A pesquisadora está presente também no grupo de pesquisa Felicidade Assistida: A TV, os Especialistas e o Governo da Vida Privada, coordenado por João Freire Filho (ambos são professores da Universidade Federal do Rio de Janeiro). No grupo, são analisados, por exemplo, como o telejornalismo e o entretenimento factual televisivo atuam na definição daquilo o que significa, no ambiente neoliberal, felicidade; que modelos de personalidade, formas de conduta individual, identidades e estilos de vida que são louvados ou vistos como problemáticos. Junto com Eduardo Granja Coutinho, os dois publicaram Do Real – o limite entre a vida privada na cobertura das revistas de celebridades (2004). Também da UFRJ, a antropóloga argentina Paula Sibilia lançou, pela Nova Fronteira, o livro O show do eu: a intimidade como espetáculo (2008), originado de seu doutorado. Um aspecto interessante abordado pela autora foi analisar como “cidadãos comuns” tornam-se rapidamente em famosos a partir da estrutura midiática hoje oferecida.


Neste aspecto, um dos olhares mais afiados e generosos com essa cultura da celebridade – ou cultura da visibilidade, outro termo possível – vem da análise dos professores Micael Herschmann e Carlos Alberto Messeder Pereira, autores do livro Mídia, memória e celebridades (2005, E-papers).

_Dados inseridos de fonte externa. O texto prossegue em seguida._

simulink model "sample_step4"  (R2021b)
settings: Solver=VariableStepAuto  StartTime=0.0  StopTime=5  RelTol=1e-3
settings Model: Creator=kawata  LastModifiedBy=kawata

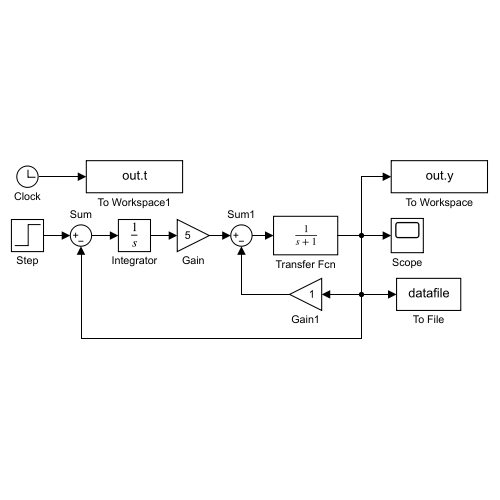
[thumbnail: Simulink's stored preview of the top-level diagram]
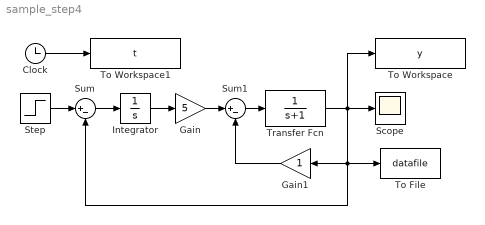
== system sample_step4 ==
  Clock : Clock
  Gain : Gain  Gain=5
  Gain1 : Gain
  Integrator : Integrator
  Scope : Scope
  Step : Step  SampleTime=0
  Sum : Sum  Inputs=|+-
  Sum1 : Sum  Inputs=|+-
  To File : ToFile  Filename=datafile  MatrixName=output  SaveFormat=Timeseries
  To Workspace : ToWorkspace  VariableName=y  SampleTime=-1
  To Workspace1 : ToWorkspace  VariableName=t  SampleTime=-1
  Transfer Fcn : TransferFcn  Denominator=[1 1]
  wires:
  Clock/1 -> To Workspace1/1
  Gain1/1 -> Sum1/2
  Integrator/1 -> Gain/1
  Transfer Fcn/1 -> To Workspace/1, Scope/1, To File/1, Gain1/1, Sum/2
  Sum/1 -> Integrator/1
  Step/1 -> Sum/1
  Gain/1 -> Sum1/1
  Sum1/1 -> Transfer Fcn/1
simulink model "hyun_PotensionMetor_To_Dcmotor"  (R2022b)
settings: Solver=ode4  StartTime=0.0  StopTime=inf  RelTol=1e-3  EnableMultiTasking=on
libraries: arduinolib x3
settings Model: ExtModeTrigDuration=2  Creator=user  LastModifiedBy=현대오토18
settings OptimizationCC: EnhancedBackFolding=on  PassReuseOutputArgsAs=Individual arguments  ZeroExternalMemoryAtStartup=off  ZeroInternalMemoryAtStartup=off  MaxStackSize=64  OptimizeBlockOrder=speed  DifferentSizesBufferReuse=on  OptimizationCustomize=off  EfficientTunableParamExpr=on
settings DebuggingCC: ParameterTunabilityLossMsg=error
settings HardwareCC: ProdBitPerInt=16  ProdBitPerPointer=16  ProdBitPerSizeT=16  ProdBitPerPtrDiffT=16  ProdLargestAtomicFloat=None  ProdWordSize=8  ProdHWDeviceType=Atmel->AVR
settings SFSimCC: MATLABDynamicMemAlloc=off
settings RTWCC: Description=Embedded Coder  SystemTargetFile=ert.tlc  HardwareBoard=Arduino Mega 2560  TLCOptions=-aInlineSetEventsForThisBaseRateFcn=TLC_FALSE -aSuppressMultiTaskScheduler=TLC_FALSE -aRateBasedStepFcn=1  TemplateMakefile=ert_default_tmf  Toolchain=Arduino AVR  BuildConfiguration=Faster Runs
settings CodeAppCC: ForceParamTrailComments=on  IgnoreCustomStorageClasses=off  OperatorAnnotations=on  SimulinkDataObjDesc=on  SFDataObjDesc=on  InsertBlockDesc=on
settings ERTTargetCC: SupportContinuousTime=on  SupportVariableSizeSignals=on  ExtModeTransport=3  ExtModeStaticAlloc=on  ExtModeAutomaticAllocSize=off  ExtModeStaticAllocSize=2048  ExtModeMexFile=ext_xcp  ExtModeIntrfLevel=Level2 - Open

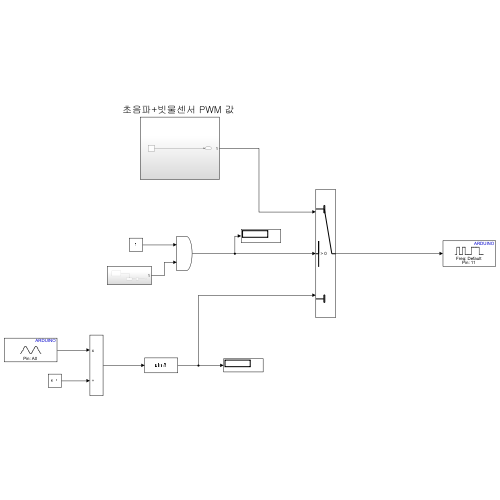
[thumbnail: Simulink's stored preview of the top-level diagram]
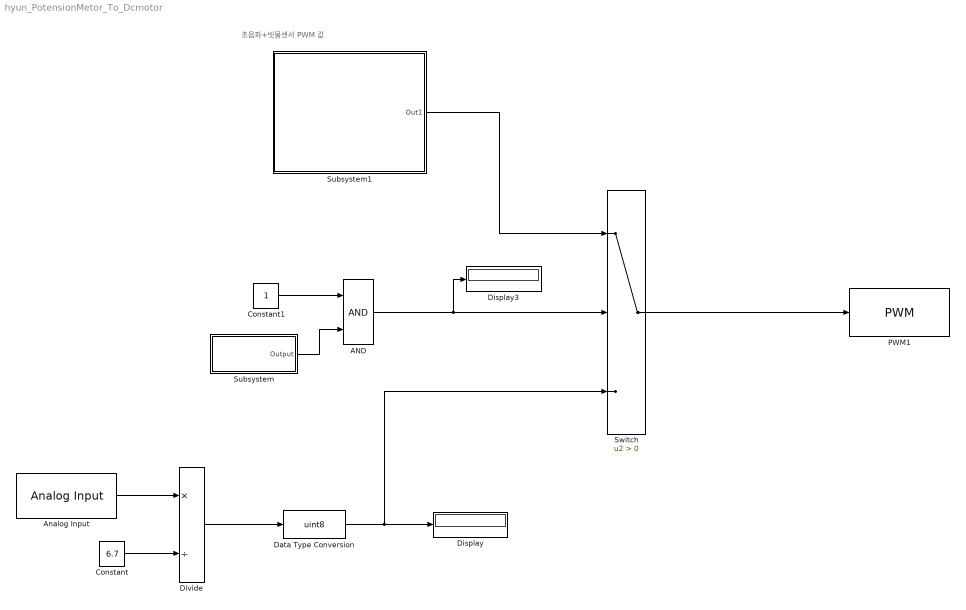
== system hyun_PotensionMetor_To_Dcmotor ==
  note: 초음파+빗물센서 PWM 값
  AND : Logic  IconShape=distinctive  AllPortsSameDT=off  OutDataTypeStr=boolean
  Analog Input : arduinolib/Analog Input  pinNumber=0  ReadResultsOnly=off  ConversionTriggerSource=Software  ExternalTriggerType=uint32( 0 )  OutputDataType=uint16  EnableConversionCompleteNotify=off  EnableOuputStatus=off  SampleTime=-1  blockPlatform=arduino
  Constant : Constant  Value=6.7
  Constant1 : Constant
  Data Type Conversion : DataTypeConversion  OutDataTypeStr=uint8  SaturateOnIntegerOverflow=off  RndMeth=Floor
  Display : Display
  Display3 : Display
  Divide : Product  Inputs=*/
  PWM1 : arduinolib/PWM  pinNumber=11  frequencyType=Default  desiredFrequency=490.2  achievableFrequency=490.2
  Subsystem : Subsystem
  Subsystem1 : Subsystem
  Switch : Switch  Criteria=u2 > Threshold  SaturateOnIntegerOverflow=off  InputSameDT=off
  wires:
  Divide/1 -> Data Type Conversion/1
  AND/1 -> Display3/1, Switch/2
  Constant/1 -> Divide/2
  Data Type Conversion/1 -> Switch/3, Display/1
  Constant1/1 -> AND/1
  Analog Input/1 -> Divide/1
  Subsystem/1(Output) -> AND/2
  Switch/1 -> PWM1/1
  Subsystem1/1(Out1) -> Switch/1

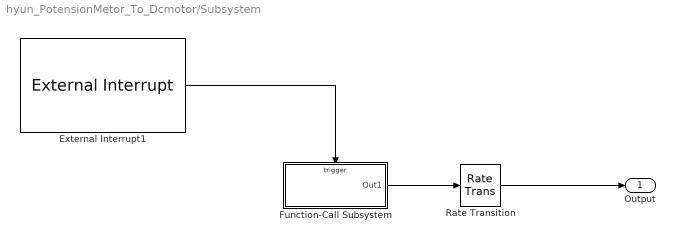
== system hyun_PotensionMetor_To_Dcmotor/Subsystem ==
  External Interrupt1 : arduinolib/External Interrupt  Pin=2  PullUp=off  Mode=FALLING  InterruptSimulationInput=off
  Function-Call Subsystem : Subsystem  TreatAsAtomicUnit=on
  Rate Transition : RateTransition  Deterministic=off
  Output : Outport
  wires:
  Function-Call Subsystem/1(Out1) -> Rate Transition/1
  External Interrupt1/1 -> Function-Call Subsystem/Trigger
  Rate Transition/1 -> Output/1

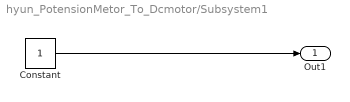
== system hyun_PotensionMetor_To_Dcmotor/Subsystem1 ==
  Constant : Constant
  Out1 : Outport
  wires:
  Constant/1 -> Out1/1

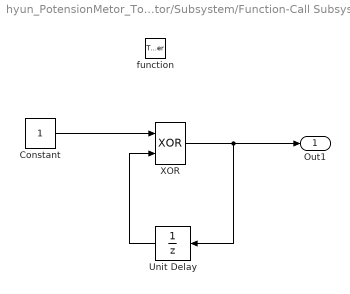
== system hyun_PotensionMetor_To_Dcmotor/Subsystem/Function-Call Subsystem ==
  function : TriggerPort  TriggerType=function-call  VariantControl=(inherit)
  Constant : Constant
  Unit Delay : UnitDelay  InitialCondition=1  SampleTime=-1  HasFrameUpgradeWarning=on
  XOR : Logic  Operator=XOR  IconShape=distinctive  AllPortsSameDT=off  OutDataTypeStr=boolean
  Out1 : Outport
  wires:
  Constant/1 -> XOR/1
  XOR/1 -> Unit Delay/1, Out1/1
  Unit Delay/1 -> XOR/2
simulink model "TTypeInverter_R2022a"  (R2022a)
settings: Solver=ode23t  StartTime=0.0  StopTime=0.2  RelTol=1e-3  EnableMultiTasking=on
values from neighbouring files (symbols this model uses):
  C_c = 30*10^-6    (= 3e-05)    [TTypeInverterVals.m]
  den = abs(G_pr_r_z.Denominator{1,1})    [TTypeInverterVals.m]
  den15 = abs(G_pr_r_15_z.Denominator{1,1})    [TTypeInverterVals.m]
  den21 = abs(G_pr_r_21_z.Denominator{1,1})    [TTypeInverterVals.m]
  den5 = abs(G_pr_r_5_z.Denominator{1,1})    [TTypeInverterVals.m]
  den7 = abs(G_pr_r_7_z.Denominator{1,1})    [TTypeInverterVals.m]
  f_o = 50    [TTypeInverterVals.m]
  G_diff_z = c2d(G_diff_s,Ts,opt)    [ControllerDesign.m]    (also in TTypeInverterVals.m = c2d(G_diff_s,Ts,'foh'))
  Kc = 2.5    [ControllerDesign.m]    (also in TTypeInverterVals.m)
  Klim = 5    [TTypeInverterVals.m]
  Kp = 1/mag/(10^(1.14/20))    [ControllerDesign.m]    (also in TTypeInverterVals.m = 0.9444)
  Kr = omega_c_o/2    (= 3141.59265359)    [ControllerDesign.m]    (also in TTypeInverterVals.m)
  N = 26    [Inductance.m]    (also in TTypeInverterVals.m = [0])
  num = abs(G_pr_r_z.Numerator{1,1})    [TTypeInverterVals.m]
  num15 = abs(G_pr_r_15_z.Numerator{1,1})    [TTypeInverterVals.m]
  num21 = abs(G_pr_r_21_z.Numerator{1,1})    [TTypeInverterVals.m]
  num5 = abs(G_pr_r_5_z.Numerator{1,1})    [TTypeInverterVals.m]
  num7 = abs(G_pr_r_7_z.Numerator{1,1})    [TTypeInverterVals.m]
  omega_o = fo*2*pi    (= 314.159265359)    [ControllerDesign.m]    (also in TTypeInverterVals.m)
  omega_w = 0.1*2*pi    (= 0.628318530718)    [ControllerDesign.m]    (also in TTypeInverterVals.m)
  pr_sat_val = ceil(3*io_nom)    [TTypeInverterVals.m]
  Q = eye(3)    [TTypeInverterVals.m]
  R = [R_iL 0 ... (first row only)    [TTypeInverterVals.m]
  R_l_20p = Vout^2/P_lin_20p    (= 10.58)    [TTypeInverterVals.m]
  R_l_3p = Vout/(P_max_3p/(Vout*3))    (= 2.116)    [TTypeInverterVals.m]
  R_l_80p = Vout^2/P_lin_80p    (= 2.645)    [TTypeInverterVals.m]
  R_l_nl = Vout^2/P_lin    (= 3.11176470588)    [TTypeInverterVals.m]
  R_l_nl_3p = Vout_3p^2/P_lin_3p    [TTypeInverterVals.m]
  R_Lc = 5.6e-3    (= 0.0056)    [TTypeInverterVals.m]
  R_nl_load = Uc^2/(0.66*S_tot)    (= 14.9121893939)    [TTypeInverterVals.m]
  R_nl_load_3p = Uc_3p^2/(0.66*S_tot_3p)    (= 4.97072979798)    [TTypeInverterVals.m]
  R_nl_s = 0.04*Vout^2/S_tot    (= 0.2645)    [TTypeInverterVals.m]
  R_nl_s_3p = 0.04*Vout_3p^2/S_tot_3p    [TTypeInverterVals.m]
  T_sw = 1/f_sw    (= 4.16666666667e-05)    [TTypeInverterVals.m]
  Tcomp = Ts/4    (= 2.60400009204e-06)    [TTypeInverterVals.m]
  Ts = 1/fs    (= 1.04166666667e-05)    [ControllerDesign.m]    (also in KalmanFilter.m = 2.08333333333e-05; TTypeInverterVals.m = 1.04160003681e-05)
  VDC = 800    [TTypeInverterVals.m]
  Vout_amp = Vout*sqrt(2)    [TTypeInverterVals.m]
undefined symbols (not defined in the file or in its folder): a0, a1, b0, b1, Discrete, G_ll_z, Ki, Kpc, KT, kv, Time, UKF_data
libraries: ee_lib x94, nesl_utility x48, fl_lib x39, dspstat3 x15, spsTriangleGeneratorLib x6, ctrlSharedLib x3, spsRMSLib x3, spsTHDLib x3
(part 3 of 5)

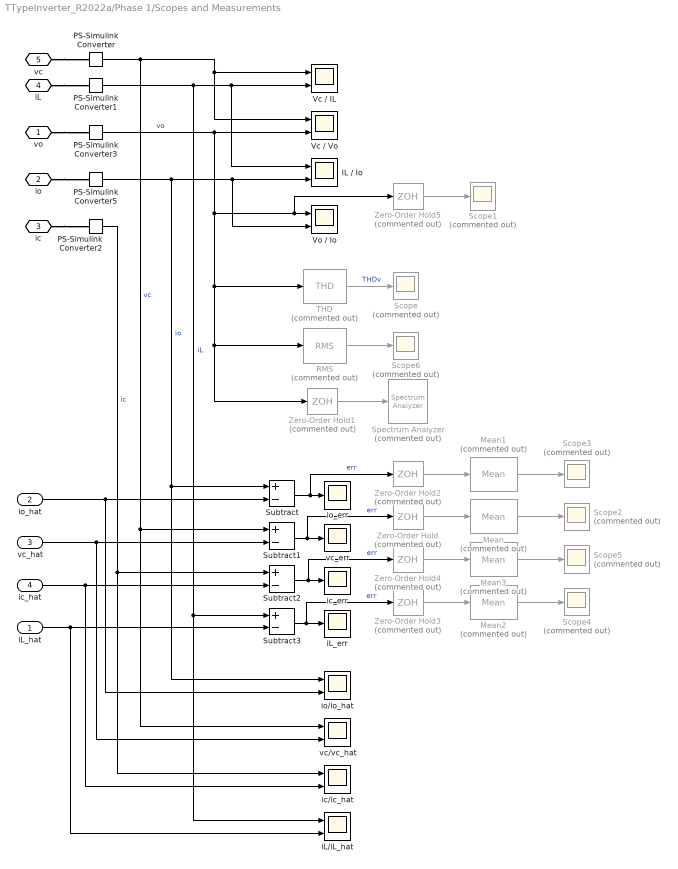
== system TTypeInverter_R2022a/Phase 1/Scopes and Measurements ==
  iL_hat : Inport
  io_hat : Inport  Port=2
  vc_hat : Inport  Port=3
  ic_hat : Inport  Port=4
  IL / Io : Scope  NumInputPorts=2
  Mean{,1..3} (4 alike) : dspstat3/Mean  Commented=on  run=on  InputProcessing=Columns as channels (frame based)  reset_popup=None  directionMode=Each column  dimension=1  roiEnable=off  roiType=Rectangles  roiPortion=Entire ROI  roiOutput=Individual statistics for each ROI  roiFlag=off  roundingMode=Floor  overflowMode=off  outputDataTypeStr=Inherit: Same as accumulator  outputMin=[]  outputMax=[]  outputLastDataTypeStr=Inherit: Same as accumulator
  PS-Simulink Converter{,1..3,5} (5 alike) : nesl_utility/PS-Simulink Converter  PhysicalDomain=network_engine_domain  SubClassName=ps_output  LeftPortType=input  RightPortType=output  PseudoPeriodic=off  Frequencies=[]  VectorFormat=inherit  Unit=inherit  AffineConversion=off
      settings: SourceProductBaseCode=SS,PW,VE
  RMS : spsRMSLib/RMS  Commented=on  TrueRMS=on  Freq=100  RMSInit=230  Ts=0
  Scope{,1..6} (7 alike) : Scope  Commented=on
  Spectrum Analyzer : SpectrumAnalyzer  Commented=on
  Subtract{,1..3} (4 alike) : Sum  Inputs=+-
  THD : spsTHDLib/THD  Commented=on  Freq=50  Ts=0
      settings: SourceProductBaseCode=PS
  Vc / IL : Scope  NumInputPorts=2
  Vc / Vo : Scope  NumInputPorts=2
  Vo / Io : Scope  NumInputPorts=2
  Zero-Order Hold{,2..4} (4 alike) : ZeroOrderHold  Commented=on  SampleTime=Ts/10
  Zero-Order Hold1 : ZeroOrderHold  Commented=on  SampleTime=1/100000
  Zero-Order Hold5 : ZeroOrderHold  Commented=on  SampleTime=T_sw/500
  iL/iL_hat : Scope  NumInputPorts=2
  iL_err : Scope
  ic/ic_hat : Scope  NumInputPorts=2
  ic_err : Scope
  io/io_hat : Scope  NumInputPorts=2
  io_err : Scope
  vc/vc_hat : Scope  NumInputPorts=2
  vc_err : Scope
  vo : PMIOPort  Side=Left
  io : PMIOPort  Port=2  Side=Left
  ic : PMIOPort  Port=3  Side=Left
  iL : PMIOPort  Port=4  Side=Left
  vc : PMIOPort  Port=5  Side=Left
  wires:
  PS-Simulink Converter1/1 -> iL/iL_hat/1, Subtract3/1, IL / Io/1, Vc / IL/2  "iL"
  PS-Simulink Converter/1 -> vc/vc_hat/1, Subtract1/1, Vc / Vo/1, Vc / IL/1  "vc"
  THD/1 -> Scope/1  "THDv"
  PS-Simulink Converter5/1 -> io/io_hat/1, Subtract/1, Vo / Io/2, IL / Io/2  "io"
  PS-Simulink Converter3/1 -> Vc / Vo/2, Zero-Order Hold5/1, Vo / Io/1, THD/1, RMS/1, Zero-Order Hold1/1  "vo"
  Zero-Order Hold1/1 -> Spectrum Analyzer/1
  io_hat/1 -> io/io_hat/2, Subtract/2
  Subtract/1 -> Zero-Order Hold2/1, io_err/1  "err"
  ic_hat/1 -> ic/ic_hat/2, Subtract2/2
  vc_hat/1 -> vc/vc_hat/2, Subtract1/2
  Subtract1/1 -> Zero-Order Hold/1, vc_err/1  "err"
  PS-Simulink Converter2/1 -> ic/ic_hat/1, Subtract2/1  "ic"
  Subtract2/1 -> Zero-Order Hold4/1, ic_err/1  "err"
  Mean/1 -> Scope2/1
  Zero-Order Hold/1 -> Mean/1
  Mean1/1 -> Scope3/1
  Zero-Order Hold2/1 -> Mean1/1
  iL_hat/1 -> iL/iL_hat/2, Subtract3/2
  Subtract3/1 -> Zero-Order Hold3/1, iL_err/1  "err"
  Mean2/1 -> Scope4/1
  Zero-Order Hold3/1 -> Mean2/1
  Mean3/1 -> Scope5/1
  Zero-Order Hold4/1 -> Mean3/1
  RMS/1 -> Scope6/1
  Zero-Order Hold5/1 -> Scope1/1
  connections:
  vc/RConn1 -- PS-Simulink Converter/LConn1
  iL/RConn1 -- PS-Simulink Converter1/LConn1
  vo/RConn1 -- PS-Simulink Converter3/LConn1
  io/RConn1 -- PS-Simulink Converter5/LConn1
  ic/RConn1 -- PS-Simulink Converter2/LConn1

== system TTypeInverter_R2022a/Phase 2/Controllers ==
  note: Voltage feedforward
  note: Current feedforward
  iL : Inport
  io_hat : Inport  Port=2
  vc : Inport  Port=3
  ic_hat : Inport  Port=4
  Current Controller : Subsystem
  Error Scope : Scope  NumInputPorts=2
  Gain : Gain  Gain=2/VDC
  Gain1 : Gain  Gain=R_Lc
  Reference Scope : Scope  NumInputPorts=2
  Saturation : Saturate  UpperLimit=VDC/2  LowerLimit=-VDC/2
  Sine Wave : Sin  Amplitude=Vout_amp  Frequency=f_o*2*pi  Phase=120*pi/180  SampleTime=Ts
  Sum : Sum  Inputs=|+-
  Sum1 : Sum  Inputs=++|
  Sum2 : Sum  Inputs=+++
  Sum3 : Sum  Inputs=-+|
  Transport Delay : TransportDelay  DelayTime=Tcomp
  Voltage Controller : Subsystem
  m : Outport
  vi_ref : Outport  Port=2
  wires:
  Transport Delay/1 -> m/1
  Voltage Controller/1(Out) -> Sum1/2, Reference Scope/2  "iL_ref"
  Sum/1 -> Error Scope/2, Voltage Controller/1(In)  "e_vc"
  Gain/1 -> Transport Delay/1  "m"
  vc/1 -> Sum/2, Sum2/3  "vc"
  iL/1 -> Sum3/1, Current Controller/1(iL), Gain1/1  "iL"
  Sum2/1 -> Saturation/1
  Gain1/1 -> Sum2/1  "vRLc"
  Sine Wave/1 -> Sum/1  "vc_ref"
  Sum3/1 -> Error Scope/1, Current Controller/2(In)  "e_iL"
  Sum1/1 -> Sum3/2
  io_hat/1 -> Sum1/1  "io"
  Current Controller/1(Out) -> Sum2/2
  Saturation/1 -> vi_ref/1, Reference Scope/1, Gain/1  "vi_ref"

== system TTypeInverter_R2022a/Phase 2/Inverter ==
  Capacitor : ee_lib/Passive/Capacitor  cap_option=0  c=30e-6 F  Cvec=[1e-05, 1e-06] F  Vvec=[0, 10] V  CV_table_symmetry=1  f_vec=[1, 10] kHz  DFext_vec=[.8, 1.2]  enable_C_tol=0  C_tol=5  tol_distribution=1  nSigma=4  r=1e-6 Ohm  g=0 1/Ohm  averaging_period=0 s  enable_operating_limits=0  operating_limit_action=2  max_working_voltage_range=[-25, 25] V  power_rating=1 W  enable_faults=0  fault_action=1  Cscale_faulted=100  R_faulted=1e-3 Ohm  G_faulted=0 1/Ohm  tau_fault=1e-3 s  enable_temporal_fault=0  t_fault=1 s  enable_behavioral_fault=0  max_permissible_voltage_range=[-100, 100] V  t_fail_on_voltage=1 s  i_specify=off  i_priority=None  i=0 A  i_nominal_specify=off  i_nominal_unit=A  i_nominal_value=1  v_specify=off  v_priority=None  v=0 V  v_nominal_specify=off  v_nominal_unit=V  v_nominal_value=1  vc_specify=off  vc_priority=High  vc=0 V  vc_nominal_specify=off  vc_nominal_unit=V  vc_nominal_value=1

Os dois conseguem alinhavar comunicação e sociologia no texto, sem apresentar um olhar moralista (como é bastante comum mesmo entre teóricos que estudam os “carismáticos midiáticos”, aqui nos apropriando em parte de um termo estudado por Max Weber). Webcelebridades e ex-BBBs podem ser pensados também dentro de um contexto nacional onde a cidadania é muitas vezes inacessível e quase negada – eles são uma das provas, aliás, de como ser visível pode atuar de maneira compensatória para muitos daqueles que permanecem à margem do palco principal da vida.
“Em países como o Brasil, marcados pelas desigualdades e exclusão social, a possibilidade de se tornar famoso (mesmo que de forma efêmera) representa, para as camadas menos privilegiadas da população, a obtenção, mesmo que temporária, da condição de cidadão”, escrevem.


Mais especificamente no área da sociologia, o britânico Chris Rojek teve seu livro Celebridade (Rocco) felizmente publicado no Brasil. Ampliando ainda mais aquilo o que Messeder e Herschmann apontaram, ele observa que, na era da informação, a invisibilidade é equivalente à morte. Segundo Rojek, a cultura da celebridade é um dos mecanismos mais importantes para mobilizar o desejo abstrato. Ele personifica o desejo num objeto animado, que admite níveis mais profundos de apego e identificação do que com mercadorias inanimadas (são, assim, objetos de consumo encarnados). “As celebridades podem ser reinventadas para renovar o desejo, e por causa disso elas são recursos extremamente eficazes na mobilização do desejo global. Em resumo, elas humanizam o desejo”. Finalmente, aqueles que desejam se aproximar historicamente do tema contam com outro livro além do de Fred Iglis: Vida, o filme, de Neal Gabler (Companhia das Letras). É uma boa análise ainda para entender, partindo basicamente da cultura norte-americana de fabricação de estrelas, como nosso cotidiano foi tornando-se, para nossa alegria e/ou desprazer, em um ambiente cada vez mais ficcional.